Getting XHTML tags by tag name

Jordanwb

In JavaScript you can run document.getElementsByTagName ("img") to get all of the image tags. Can you do something similar in C#? Also you can do this is JavaScript:

var image = document.createElement ("img");
image.getAttribute ("src");

Again can you do something similar in C#? And if so, how? This is how I'm getting the webpage: http://www.tech-recipes.com/rx/1954/get_web_page_contents_in_code_with_csharp/[^] Thanks.

Lost User

If it's really XHTML and not just plain old HTML, you could just treat it as xml: use XmlDocument and its SelectNodes(string xpath) function At least, that's what I would do.. The xpath would be something like "//img/@src" I think (if you want all src attributes of all img's as your code seems to do)

Jordanwb

Okay I'll give that a try. I've found out that the XHTML isn't completely valid. Some of the tags aren't closed properly. Here's in excerpt:

<META HTTP-EQUIV="content-type" CONTENT="text/html; charset=UTF-8">
<meta name="robots" content="noarchive"/>
<meta name="description" content="/a/ is 4chan's imageboard dedicated to the discussion of Japanese anime and manga."/>
<meta name="keywords" content="imageboard,japan,anime,manga"/><link rel="alternate stylesheet" type="text/css" href="http://zip.4chan.org/yotsuba.9.css" title="Yotsuba"><link rel="stylesheet" type="text/css" href="http://zip.4chan.org/yotsublue.9.css" title="Yotsuba B"><link rel="alternate stylesheet" type="text/css" href="http://zip.4chan.org/futaba.9.css" title="Futaba"><link rel="alternate stylesheet" type="text/css" href="http://zip.4chan.org/burichan.9.css" title="Burichan"><link rel="alternate" title="RSS feed" href="/a/index.rss" type="application/rss+xml" /><title>/a/ - Animu & Mango</title>

While some of the tags are somewhat formed properly, some aren't. The first one is easy:

result.Replace ("\"/>", "\" />");

I think I could use regex for the tags missing a closing "/" but I don't know how to do that. [Edit] Okay the result.Replace bit isn't working.

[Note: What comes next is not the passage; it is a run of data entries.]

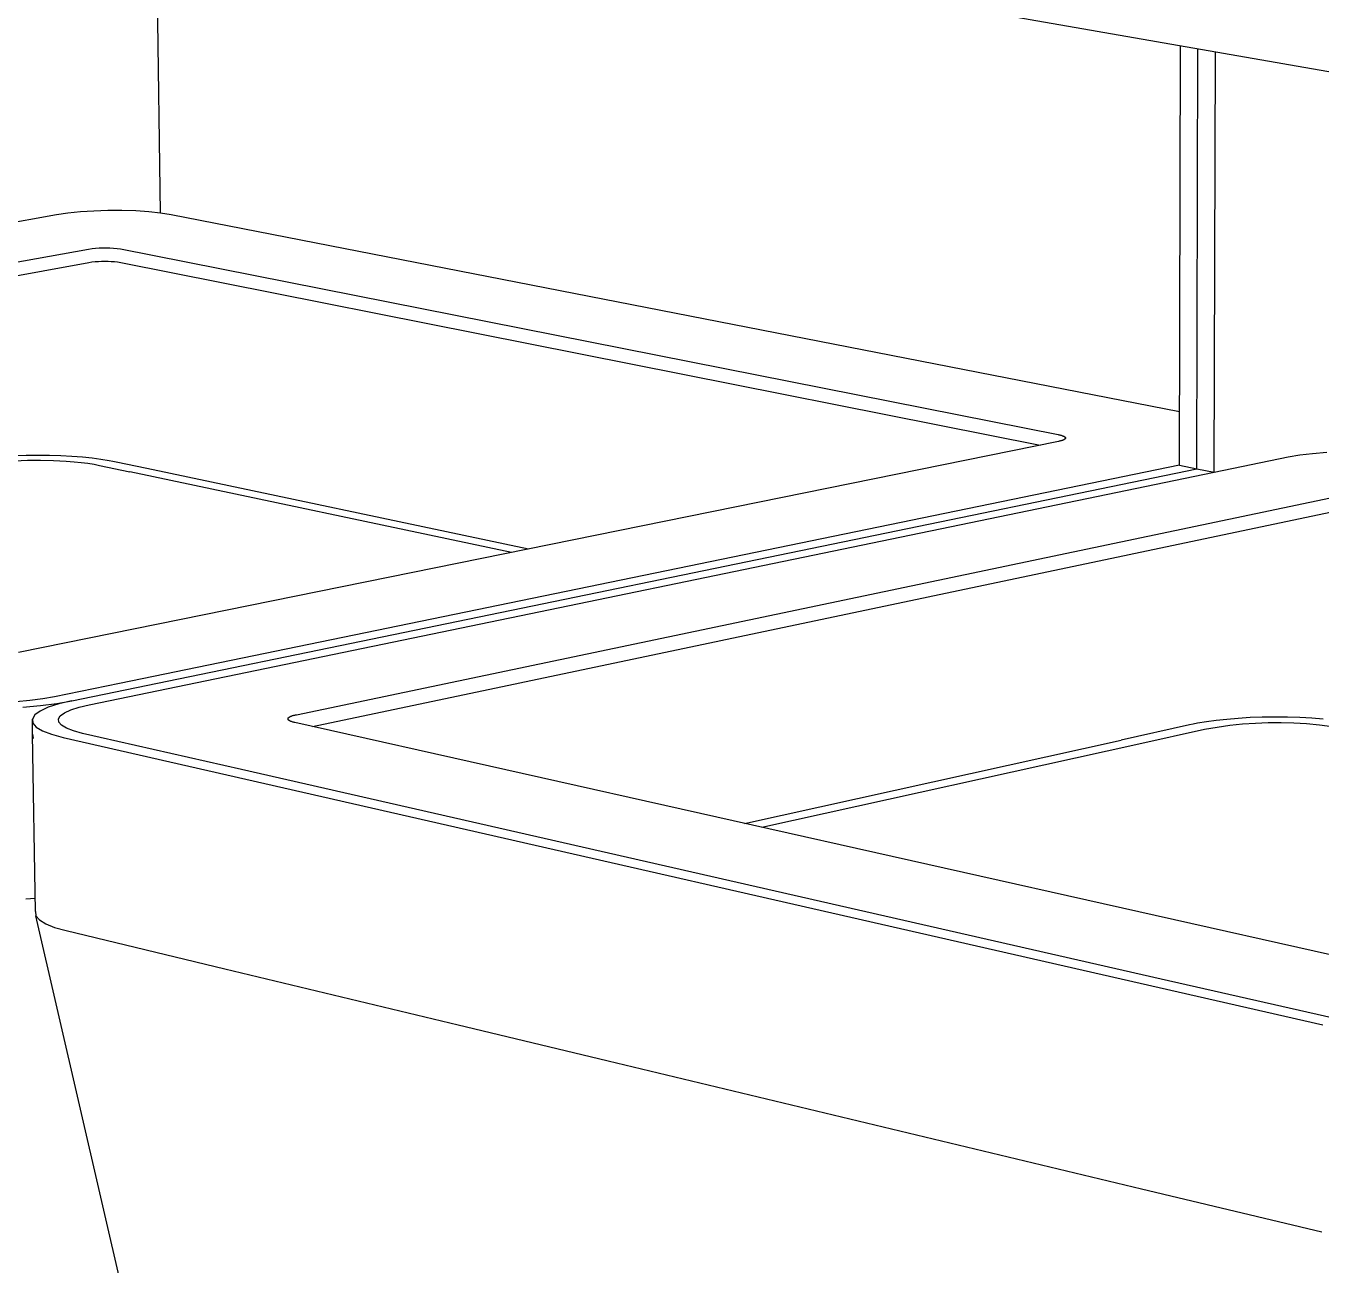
# Model space of a CAD drawing. Header units: millimetres. Extents: x 1287 to 5317, y -239 to 2577.
# Drawn here: x 2223.5 to 2470.3, y 647.4 to 883.4 of the extents above; entities that cross this region are included whole.
import ezdxf

# ---------------------------------------------------------------- set-up
doc = ezdxf.new("R2010")
doc.units = ezdxf.units.MM
doc.header["$MEASUREMENT"] = 0
doc.layers.add('Utwórz2D linie widoczne', color=7, linetype='Continuous', true_color=0x000000)

msp = doc.modelspace()

# ---------------------------------------------------------------- linework, layer by layer
at = {"layer": 'Utwórz2D linie widoczne'}
for p, q in [((2249.17, 847.83), (2248.21, 917.3)), ((2254.3, 912.7), (2497.63, 870.25)), ((2443.33, 799.74), (2443.5, 879.7)), ((2446.64, 799.09), (2446.83, 879.11)), ((2449.95, 798.43), (2450.17, 878.53)), ((2215.25, 844.97), (2229.33, 847.49)), ((2229.33, 847.49), (2231.48, 847.82)), ((2231.48, 847.82), (2233.88, 848.07)), ((2233.88, 848.07), (2236.45, 848.24)), ((2236.45, 848.24), (2239.11, 848.33)), ((2239.11, 848.33), (2241.8, 848.34)), ((2241.8, 848.34), (2244.42, 848.25)), ((2244.42, 848.25), (2246.9, 848.08)), ((2246.9, 848.08), (2249.17, 847.83)), ((2249.17, 847.83), (2251.15, 847.51)), ((2251.15, 847.51), (2443.35, 809.99)), ((2038.27, 805.18), (2235.43, 840.94)), ((2235.43, 840.94), (2236.1, 841.04)), ((2236.1, 841.04), (2236.78, 841.11)), ((2236.78, 841.11), (2237.46, 841.16)), ((2237.46, 841.16), (2238.15, 841.18)), ((2238.15, 841.18), (2238.83, 841.18)), ((2238.83, 841.18), (2239.51, 841.16)), ((2239.51, 841.16), (2240.19, 841.11)), ((2240.19, 841.11), (2240.87, 841.04)), ((2240.87, 841.04), (2241.55, 840.95)), ((2241.55, 840.95), (2420.23, 805.59)), ((2041.35, 803.04), (2235.46, 838.39)), ((2235.46, 838.39), (2236.07, 838.47)), ((2236.07, 838.47), (2236.68, 838.54)), ((2236.68, 838.54), (2237.3, 838.59)), ((2237.3, 838.59), (2237.91, 838.62)), ((2237.91, 838.62), (2238.53, 838.63)), ((2238.53, 838.63), (2239.14, 838.62)), ((2239.14, 838.62), (2239.76, 838.59)), ((2239.76, 838.59), (2240.37, 838.54)), ((2240.37, 838.54), (2240.98, 838.48)), ((2240.98, 838.48), (2241.59, 838.39)), ((2241.59, 838.39), (2416.78, 803.58)), ((2420.23, 805.59), (2420.37, 805.56)), ((2420.37, 805.56), (2420.51, 805.53)), ((2420.51, 805.53), (2420.64, 805.49)), ((2420.64, 805.49), (2420.77, 805.46)), ((2420.77, 805.46), (2420.89, 805.42)), ((2420.89, 805.42), (2421, 805.38)), ((2421, 805.38), (2421.06, 805.36)), ((2421.06, 805.36), (2421.11, 805.34)), ((2421.11, 805.34), (2421.16, 805.32)), ((2421.16, 805.32), (2421.21, 805.3)), ((2421.21, 805.3), (2421.25, 805.28)), ((2421.25, 805.28), (2421.29, 805.26)), ((2421.29, 805.26), (2421.33, 805.24)), ((2421.33, 805.24), (2421.35, 805.23)), ((2421.35, 805.23), (2421.37, 805.22)), ((2421.37, 805.22), (2421.39, 805.21)), ((2421.39, 804.66), (2421.37, 804.65)), ((2421.39, 805.21), (2421.4, 805.2)), ((2421.4, 804.67), (2421.39, 804.66)), ((2421.4, 805.2), (2421.42, 805.18)), ((2421.42, 804.68), (2421.4, 804.67)), ((2421.42, 805.18), (2421.44, 805.17)), ((2421.44, 804.69), (2421.42, 804.68)), ((2421.44, 805.17), (2421.45, 805.16)), ((2421.45, 804.71), (2421.44, 804.69)), ((2421.45, 805.16), (2421.46, 805.15)), ((2421.46, 804.72), (2421.45, 804.71)), ((2421.46, 805.15), (2421.48, 805.14)), ((2421.48, 804.73), (2421.46, 804.72)), ((2421.48, 805.14), (2421.49, 805.13)), ((2421.49, 804.74), (2421.48, 804.73)), ((2421.49, 805.13), (2421.5, 805.12)), ((2421.5, 804.75), (2421.49, 804.74)), ((2421.5, 805.12), (2421.51, 805.1)), ((2421.51, 804.76), (2421.5, 804.75)), ((2421.51, 805.1), (2421.52, 805.1)), ((2421.52, 804.77), (2421.51, 804.76)), ((2421.52, 805.1), (2421.52, 805.09)), ((2421.52, 805.09), (2421.53, 805.09)), ((2421.53, 804.78), (2421.52, 804.77)), ((2421.52, 804.77), (2421.52, 804.77)), ((2421.53, 805.09), (2421.53, 805.08)), ((2421.53, 805.08), (2421.54, 805.08)), ((2421.54, 804.79), (2421.53, 804.79)), ((2421.53, 804.79), (2421.53, 804.78)), ((2421.54, 805.08), (2421.54, 805.07)), ((2421.54, 805.07), (2421.55, 805.06)), ((2421.55, 804.8), (2421.54, 804.8)), ((2421.54, 804.8), (2421.54, 804.79)), ((2421.55, 805.06), (2421.55, 805.06)), ((2421.55, 805.06), (2421.56, 805.05)), ((2421.56, 804.82), (2421.55, 804.81)), ((2421.55, 804.81), (2421.55, 804.8)), ((2421.56, 805.05), (2421.56, 805.05)), ((2421.56, 805.05), (2421.56, 805.04)), ((2421.56, 805.04), (2421.57, 805.03)), ((2421.57, 804.83), (2421.56, 804.83)), ((2421.56, 804.83), (2421.56, 804.82)), ((2421.56, 804.82), (2421.56, 804.82)), ((2421.57, 805.03), (2421.57, 805.03)), ((2421.57, 805.03), (2421.57, 805.02)), ((2421.57, 805.02), (2421.57, 805.02)), ((2421.57, 805.02), (2421.58, 805.01)), ((2421.58, 804.85), (2421.57, 804.84)), ((2421.57, 804.84), (2421.57, 804.84)), ((2421.57, 804.84), (2421.57, 804.83)), ((2421.58, 805.01), (2421.58, 805)), ((2421.58, 805), (2421.58, 805)), ((2421.58, 805), (2421.58, 804.99)), ((2421.58, 804.99), (2421.59, 804.99)), ((2421.59, 804.88), (2421.58, 804.87)), ((2421.58, 804.87), (2421.58, 804.87)), ((2421.58, 804.87), (2421.58, 804.86)), ((2421.58, 804.86), (2421.58, 804.86)), ((2421.58, 804.86), (2421.58, 804.85)), ((2421.59, 804.99), (2421.59, 804.98)), ((2421.59, 804.98), (2421.59, 804.97)), ((2421.59, 804.97), (2421.59, 804.97)), ((2421.59, 804.97), (2421.59, 804.96)), ((2421.59, 804.96), (2421.59, 804.96)), ((2421.59, 804.96), (2421.59, 804.95)), ((2421.59, 804.95), (2421.59, 804.95)), ((2421.59, 804.95), (2421.59, 804.94)), ((2421.59, 804.94), (2421.59, 804.93)), ((2421.59, 804.93), (2421.59, 804.93)), ((2421.59, 804.93), (2421.59, 804.92)), ((2421.59, 804.92), (2421.59, 804.92)), ((2421.59, 804.92), (2421.59, 804.91)), ((2421.59, 804.91), (2421.59, 804.9)), ((2421.59, 804.9), (2421.59, 804.9)), ((2421.59, 804.9), (2421.59, 804.89)), ((2421.59, 804.89), (2421.59, 804.89)), ((2421.59, 804.89), (2421.59, 804.88)), ((2420.27, 804.29), (2222.08, 764.07)), ((2420.41, 804.32), (2420.27, 804.29)), ((2420.55, 804.35), (2420.41, 804.32)), ((2420.68, 804.38), (2420.55, 804.35)), ((2420.8, 804.42), (2420.68, 804.38)), ((2420.92, 804.45), (2420.8, 804.42)), ((2421.03, 804.49), (2420.92, 804.45)), ((2421.09, 804.51), (2421.03, 804.49)), ((2421.14, 804.53), (2421.09, 804.51)), ((2421.18, 804.55), (2421.14, 804.53)), ((2421.23, 804.57), (2421.18, 804.55)), ((2421.27, 804.6), (2421.23, 804.57)), ((2421.31, 804.62), (2421.27, 804.6)), ((2421.35, 804.64), (2421.31, 804.62)), ((2421.37, 804.65), (2421.35, 804.64)), ((2468.71, 802.01), (2471.4, 802.21)), ((2223.55, 801.58), (2221.34, 801.51)), ((2221.36, 800.6), (2223.81, 800.69)), ((2225.78, 801.61), (2223.55, 801.58)), ((2223.81, 800.69), (2226.27, 800.71)), ((2228, 801.59), (2225.78, 801.61)), ((2226.27, 800.71), (2228.73, 800.66)), ((2230.17, 801.52), (2228, 801.59)), ((2228.73, 800.66), (2231.18, 800.54)), ((2232.26, 801.41), (2230.17, 801.52)), ((2231.18, 800.54), (2232.67, 800.42)), ((2234.25, 801.26), (2232.26, 801.41)), ((2232.67, 800.42), (2234.05, 800.28)), ((2234.05, 800.28), (2235.32, 800.12)), ((2236.1, 801.08), (2234.25, 801.26)), ((2235.32, 800.12), (2236.48, 799.93)), ((2237.8, 800.86), (2236.1, 801.08)), ((2236.48, 799.93), (2237.5, 799.73)), ((2237.5, 799.73), (2243.32, 798.5)), ((2239.34, 800.62), (2237.8, 800.86)), ((2240.04, 800.49), (2239.34, 800.62)), ((2240.71, 800.35), (2240.04, 800.49)), ((2246.53, 799.13), (2240.71, 800.35)), ((2443.33, 799.74), (2241.32, 758.18)), ((2443.33, 799.74), (2446.64, 799.09)), ((2449.95, 798.43), (2464.06, 801.34)), ((2464.06, 801.34), (2466.24, 801.72)), ((2466.24, 801.72), (2468.71, 802.01)), ((2232.22, 754.88), (2446.64, 799.09)), ((2235.54, 754.13), (2449.95, 798.43)), ((2316.05, 783.14), (2243.32, 798.5)), ((2319.26, 783.79), (2246.53, 799.13)), ((2446.64, 799.09), (2449.95, 798.43)), ((2275.03, 752.23), (2473.29, 793.78)), ((2278.09, 749.97), (2473.28, 791.04)), ((2241.32, 758.18), (2228.92, 755.63)), ((2228.92, 755.63), (2226.71, 755.23)), ((2224.26, 754.92), (2221.63, 754.69)), ((2222.9, 753.68), (2226.27, 753.97)), ((2226.71, 755.23), (2224.26, 754.92)), ((2226.22, 752.92), (2225.2, 752.17)), ((2227.76, 753.64), (2226.22, 752.92)), ((2226.27, 753.97), (2229.4, 754.38)), ((2229.77, 754.29), (2227.76, 753.64)), ((2229.4, 754.38), (2232.22, 754.88)), ((2229.4, 754.17), (2229.4, 754.38)), ((2232.22, 754.88), (2229.77, 754.29)), ((2230.84, 752.6), (2232.04, 753.16)), ((2232.04, 753.16), (2233.62, 753.67)), ((2233.62, 753.67), (2235.54, 754.13)), ((2225.2, 752.17), (2224.73, 751.4)), ((2224.78, 748.5), (2224.73, 751.4)), ((2224.73, 751.4), (2224.82, 750.63)), ((2224.82, 750.63), (2225.48, 749.87)), ((2229.69, 751.41), (2230.05, 752.01)), ((2229.76, 750.8), (2229.69, 751.41)), ((2230.28, 750.21), (2229.76, 750.8)), ((2230.05, 752.01), (2230.84, 752.6)), ((2273.44, 751.44), (2273.45, 751.45)), ((2273.44, 751.43), (2273.44, 751.44)), ((2273.44, 751.44), (2273.44, 751.44)), ((2273.44, 751.42), (2273.44, 751.43)), ((2273.45, 751.41), (2273.44, 751.42)), ((2273.44, 751.42), (2273.44, 751.42)), ((2273.45, 751.5), (2273.46, 751.51)), ((2273.45, 751.49), (2273.45, 751.5)), ((2273.45, 751.48), (2273.45, 751.49)), ((2273.45, 751.47), (2273.45, 751.48)), ((2273.45, 751.48), (2273.45, 751.48)), ((2273.45, 751.46), (2273.45, 751.47)), ((2273.45, 751.45), (2273.45, 751.46)), ((2273.45, 751.46), (2273.45, 751.46)), ((2273.45, 751.4), (2273.45, 751.41)), ((2273.45, 751.39), (2273.45, 751.4)), ((2273.45, 751.38), (2273.45, 751.39)), ((2273.45, 751.39), (2273.45, 751.39)), ((2273.45, 751.37), (2273.45, 751.38)), ((2273.45, 751.36), (2273.45, 751.37)), ((2273.45, 751.37), (2273.45, 751.37)), ((2273.46, 751.35), (2273.45, 751.36)), ((2273.46, 751.52), (2273.46, 751.53)), ((2273.46, 751.53), (2273.47, 751.53)), ((2273.46, 751.51), (2273.46, 751.52)), ((2273.46, 751.51), (2273.46, 751.51)), ((2273.46, 751.34), (2273.46, 751.35)), ((2273.46, 751.35), (2273.46, 751.35)), ((2273.46, 751.33), (2273.46, 751.34)), ((2273.47, 751.33), (2273.46, 751.33)), ((2273.47, 751.54), (2273.47, 751.55)), ((2273.47, 751.55), (2273.48, 751.55)), ((2273.47, 751.53), (2273.47, 751.54)), ((2273.47, 751.32), (2273.47, 751.33)), ((2273.47, 751.31), (2273.47, 751.32)), ((2273.48, 751.31), (2273.47, 751.31)), ((2273.48, 751.56), (2273.49, 751.57)), ((2273.48, 751.55), (2273.48, 751.56)), ((2273.48, 751.3), (2273.48, 751.31)), ((2273.49, 751.29), (2273.48, 751.3)), ((2273.49, 751.58), (2273.5, 751.59)), ((2273.49, 751.57), (2273.49, 751.58)), ((2273.49, 751.57), (2273.49, 751.57)), ((2273.49, 751.28), (2273.49, 751.29)), ((2273.49, 751.29), (2273.49, 751.29)), ((2273.5, 751.27), (2273.49, 751.28)), ((2273.5, 751.59), (2273.5, 751.6)), ((2273.5, 751.6), (2273.51, 751.6)), ((2273.5, 751.26), (2273.5, 751.27)), ((2273.51, 751.26), (2273.5, 751.26)), ((2273.51, 751.61), (2273.52, 751.62)), ((2273.51, 751.6), (2273.51, 751.61)), ((2273.51, 751.25), (2273.51, 751.26)), ((2273.52, 751.24), (2273.51, 751.25)), ((2273.52, 751.62), (2273.54, 751.64)), ((2273.52, 751.62), (2273.52, 751.62)), ((2273.53, 751.24), (2273.52, 751.24)), ((2273.53, 751.23), (2273.53, 751.24)), ((2273.54, 751.22), (2273.53, 751.23)), ((2273.54, 751.64), (2273.55, 751.65)), ((2273.55, 751.21), (2273.54, 751.22)), ((2273.55, 751.65), (2273.56, 751.66)), ((2273.56, 751.2), (2273.55, 751.21)), ((2273.56, 751.66), (2273.58, 751.68)), ((2273.58, 751.18), (2273.56, 751.2)), ((2273.58, 751.68), (2273.59, 751.69)), ((2273.59, 751.17), (2273.58, 751.18)), ((2273.59, 751.69), (2273.61, 751.7)), ((2273.61, 751.16), (2273.59, 751.17)), ((2273.61, 751.7), (2273.62, 751.72)), ((2273.62, 751.15), (2273.61, 751.16)), ((2273.62, 751.72), (2273.64, 751.73)), ((2273.64, 751.13), (2273.62, 751.15)), ((2273.64, 751.73), (2273.66, 751.74)), ((2273.66, 751.12), (2273.64, 751.13)), ((2273.66, 751.74), (2273.68, 751.76)), ((2273.68, 751.11), (2273.66, 751.12)), ((2273.68, 751.76), (2273.7, 751.77)), ((2273.7, 751.09), (2273.68, 751.11)), ((2273.7, 751.77), (2273.72, 751.78)), ((2273.72, 751.08), (2273.7, 751.09)), ((2273.72, 751.78), (2273.74, 751.8)), ((2273.74, 751.07), (2273.72, 751.08)), ((2273.74, 751.8), (2273.78, 751.82)), ((2273.78, 751.05), (2273.74, 751.07)), ((2273.78, 751.82), (2273.83, 751.85)), ((2273.83, 751.02), (2273.78, 751.05)), ((2273.83, 751.85), (2273.88, 751.87)), ((2273.87, 751), (2273.83, 751.02)), ((2273.93, 750.97), (2273.87, 751)), ((2273.88, 751.87), (2273.93, 751.9)), ((2273.93, 751.9), (2273.98, 751.92)), ((2273.98, 750.95), (2273.93, 750.97)), ((2273.98, 751.92), (2274.04, 751.95)), ((2274.03, 750.93), (2273.98, 750.95)), ((2274.09, 750.91), (2274.03, 750.93)), ((2274.04, 751.95), (2274.1, 751.97)), ((2274.21, 750.86), (2274.09, 750.91)), ((2274.1, 751.97), (2274.16, 751.99)), ((2274.16, 751.99), (2274.29, 752.04)), ((2274.34, 750.82), (2274.21, 750.86)), ((2274.29, 752.04), (2274.43, 752.08)), ((2274.48, 750.78), (2274.34, 750.82)), ((2274.43, 752.08), (2274.57, 752.12)), ((2274.62, 750.75), (2274.48, 750.78)), ((2274.57, 752.12), (2274.72, 752.16)), ((2274.77, 750.71), (2274.62, 750.75)), ((2274.72, 752.16), (2274.87, 752.2)), ((2483.13, 704.01), (2274.77, 750.71)), ((2274.87, 752.2), (2275.03, 752.23)), ((2445.97, 750.43), (2445.24, 750.28)), ((2446.76, 750.59), (2445.97, 750.43)), ((2448.46, 750.87), (2446.76, 750.59)), ((2450.32, 751.12), (2448.46, 750.87)), ((2452.35, 751.34), (2450.32, 751.12)), ((2454.51, 751.52), (2452.35, 751.34)), ((2452.94, 750.21), (2455.37, 750.46)), ((2456.78, 751.66), (2454.51, 751.52)), ((2455.37, 750.46), (2457.8, 750.63)), ((2459.12, 751.74), (2456.78, 751.66)), ((2457.8, 750.63), (2460.24, 750.72)), ((2461.51, 751.77), (2459.12, 751.74)), ((2460.24, 750.72), (2462.69, 750.73)), ((2463.9, 751.74), (2461.51, 751.77)), ((2462.69, 750.73), (2465.13, 750.66)), ((2466.26, 751.67), (2463.9, 751.74)), ((2465.13, 750.66), (2467.56, 750.52)), ((2468.55, 751.54), (2466.26, 751.67)), ((2467.56, 750.52), (2470, 750.29)), ((2470.74, 751.37), (2468.55, 751.54)), ((2225.32, 714.74), (2224.78, 748.5)), ((2224.78, 748.5), (2224.87, 747.72)), ((2225.48, 749.87), (2226.67, 749.16)), ((2226.67, 749.16), (2228.39, 748.49)), ((2228.39, 748.49), (2230.58, 747.9)), ((2231.22, 749.65), (2230.28, 750.21)), ((2230.58, 747.9), (2470.62, 693.12)), ((2232.56, 749.13), (2231.22, 749.65)), ((2234.27, 748.67), (2232.56, 749.13)), ((2264.61, 741.76), (2234.27, 748.67)), ((2445.24, 750.28), (2432.25, 747.4)), ((2435.58, 746.69), (2448.11, 749.47)), ((2448.11, 749.47), (2450.52, 749.88)), ((2450.52, 749.88), (2452.94, 750.21)), ((2470, 750.29), (2472.42, 749.98)), ((2360.41, 731.52), (2432.25, 747.4)), ((2363.74, 730.77), (2435.58, 746.69)), ((2439.87, 701.86), (2264.61, 741.76)), ((2223.49, 717.13), (2225.28, 717.29)), ((2225.32, 714.74), (2225.41, 713.93)), ((2225.41, 713.93), (2226.06, 713.14)), ((2326.83, 275.12), (2225.41, 713.93)), ((2226.06, 713.14), (2227.26, 712.39)), ((2227.26, 712.39), (2228.97, 711.7)), ((2228.97, 711.7), (2231.15, 711.08)), ((2231.15, 711.08), (2261.4, 703.82)), ((2261.4, 703.82), (2436.1, 661.91)), ((2474.32, 694.02), (2439.87, 701.86)), ((2436.1, 661.91), (2470.44, 653.68))]:
    msp.add_line(p, q, dxfattribs=at)

doc.saveas('drawing.dxf')

modified on Thursday, June 25, 2009 1:18 PM

Lost User · modified on Thursday, June 25, 2009 1:18 PM

I'm afraid you may have to use a custom parser, for HTML.. That will work, but it's a lot of work to make.

Jordanwb

Well all of the HTML seems to be properly nested as per the XHTML specs, but some of the tags simply aren't closed properly. All I may need to do is C#'s version of PHP's preg_replace function.

Lost User

If you can get that to work then it's probably less work, but it may not be as robust. Up to you though :)

Jordanwb

I found more malformed HTML on other boards. It seems that my program will be significantly more complicated than I though. :( Putting a XHTML transitional doctype creates 431 errors just on one thread alone.